Entries taken from a collection:
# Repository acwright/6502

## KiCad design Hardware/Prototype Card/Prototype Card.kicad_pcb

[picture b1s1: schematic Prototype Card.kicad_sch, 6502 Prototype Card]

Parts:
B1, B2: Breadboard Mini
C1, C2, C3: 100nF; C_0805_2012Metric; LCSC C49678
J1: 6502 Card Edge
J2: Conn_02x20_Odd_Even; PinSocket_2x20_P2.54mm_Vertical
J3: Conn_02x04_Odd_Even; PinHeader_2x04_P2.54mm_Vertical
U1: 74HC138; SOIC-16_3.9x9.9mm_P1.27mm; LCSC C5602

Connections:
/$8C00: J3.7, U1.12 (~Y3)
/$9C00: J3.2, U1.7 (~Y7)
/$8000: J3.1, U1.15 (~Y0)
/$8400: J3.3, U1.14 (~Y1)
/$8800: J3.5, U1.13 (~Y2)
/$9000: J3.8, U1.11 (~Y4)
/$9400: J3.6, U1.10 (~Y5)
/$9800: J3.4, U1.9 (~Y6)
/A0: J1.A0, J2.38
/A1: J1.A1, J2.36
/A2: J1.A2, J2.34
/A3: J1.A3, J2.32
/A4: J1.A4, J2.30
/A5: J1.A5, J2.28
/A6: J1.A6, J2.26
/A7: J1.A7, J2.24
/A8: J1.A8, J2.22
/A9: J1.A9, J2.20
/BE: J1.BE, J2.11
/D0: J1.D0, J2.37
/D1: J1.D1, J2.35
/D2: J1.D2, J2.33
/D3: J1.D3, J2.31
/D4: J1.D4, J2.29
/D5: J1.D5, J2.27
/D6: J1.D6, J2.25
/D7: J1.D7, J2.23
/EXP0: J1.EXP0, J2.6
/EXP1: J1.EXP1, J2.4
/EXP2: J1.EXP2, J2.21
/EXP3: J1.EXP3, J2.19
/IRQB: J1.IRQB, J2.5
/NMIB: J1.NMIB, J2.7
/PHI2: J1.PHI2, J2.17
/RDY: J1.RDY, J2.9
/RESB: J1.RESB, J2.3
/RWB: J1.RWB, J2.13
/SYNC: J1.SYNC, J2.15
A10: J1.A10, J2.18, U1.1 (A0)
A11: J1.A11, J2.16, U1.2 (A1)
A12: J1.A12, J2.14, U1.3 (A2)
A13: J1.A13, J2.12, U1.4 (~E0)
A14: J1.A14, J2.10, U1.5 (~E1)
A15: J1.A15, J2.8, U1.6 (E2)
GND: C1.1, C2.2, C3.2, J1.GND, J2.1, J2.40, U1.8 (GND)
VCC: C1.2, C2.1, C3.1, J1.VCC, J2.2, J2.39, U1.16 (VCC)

◆ **PROBLEM DESCRIPTION**:
Transcribe every record. Match each line exactly.

◆ **ANSWER TO THE PROBLEM**:
# Repository acwright/6502

## KiCad design Hardware/Prototype Card/Prototype Card.kicad_pcb

[picture b1s1: schematic Prototype Card.kicad_sch, 6502 Prototype Card]

Parts:
B1, B2: Breadboard Mini
C1, C2, C3: 100nF; C_0805_2012Metric; LCSC C49678
J1: 6502 Card Edge
J2: Conn_02x20_Odd_Even; PinSocket_2x20_P2.54mm_Vertical
J3: Conn_02x04_Odd_Even; PinHeader_2x04_P2.54mm_Vertical
U1: 74HC138; SOIC-16_3.9x9.9mm_P1.27mm; LCSC C5602

Connections:
/$8C00: J3.7, U1.12 (~Y3)
/$9C00: J3.2, U1.7 (~Y7)
/$8000: J3.1, U1.15 (~Y0)
/$8400: J3.3, U1.14 (~Y1)
/$8800: J3.5, U1.13 (~Y2)
/$9000: J3.8, U1.11 (~Y4)
/$9400: J3.6, U1.10 (~Y5)
/$9800: J3.4, U1.9 (~Y6)
/A0: J1.A0, J2.38
/A1: J1.A1, J2.36
/A2: J1.A2, J2.34
/A3: J1.A3, J2.32
/A4: J1.A4, J2.30
/A5: J1.A5, J2.28
/A6: J1.A6, J2.26
/A7: J1.A7, J2.24
/A8: J1.A8, J2.22
/A9: J1.A9, J2.20
/BE: J1.BE, J2.11
/D0: J1.D0, J2.37
/D1: J1.D1, J2.35
/D2: J1.D2, J2.33
/D3: J1.D3, J2.31
/D4: J1.D4, J2.29
/D5: J1.D5, J2.27
/D6: J1.D6, J2.25
/D7: J1.D7, J2.23
/EXP0: J1.EXP0, J2.6
/EXP1: J1.EXP1, J2.4
/EXP2: J1.EXP2, J2.21
/EXP3: J1.EXP3, J2.19
/IRQB: J1.IRQB, J2.5
/NMIB: J1.NMIB, J2.7
/PHI2: J1.PHI2, J2.17
/RDY: J1.RDY, J2.9
/RESB: J1.RESB, J2.3
/RWB: J1.RWB, J2.13
/SYNC: J1.SYNC, J2.15
A10: J1.A10, J2.18, U1.1 (A0)
A11: J1.A11, J2.16, U1.2 (A1)
A12: J1.A12, J2.14, U1.3 (A2)
A13: J1.A13, J2.12, U1.4 (~E0)
A14: J1.A14, J2.10, U1.5 (~E1)
A15: J1.A15, J2.8, U1.6 (E2)
GND: C1.1, C2.2, C3.2, J1.GND, J2.1, J2.40, U1.8 (GND)
VCC: C1.2, C2.1, C3.1, J1.VCC, J2.2, J2.39, U1.16 (VCC)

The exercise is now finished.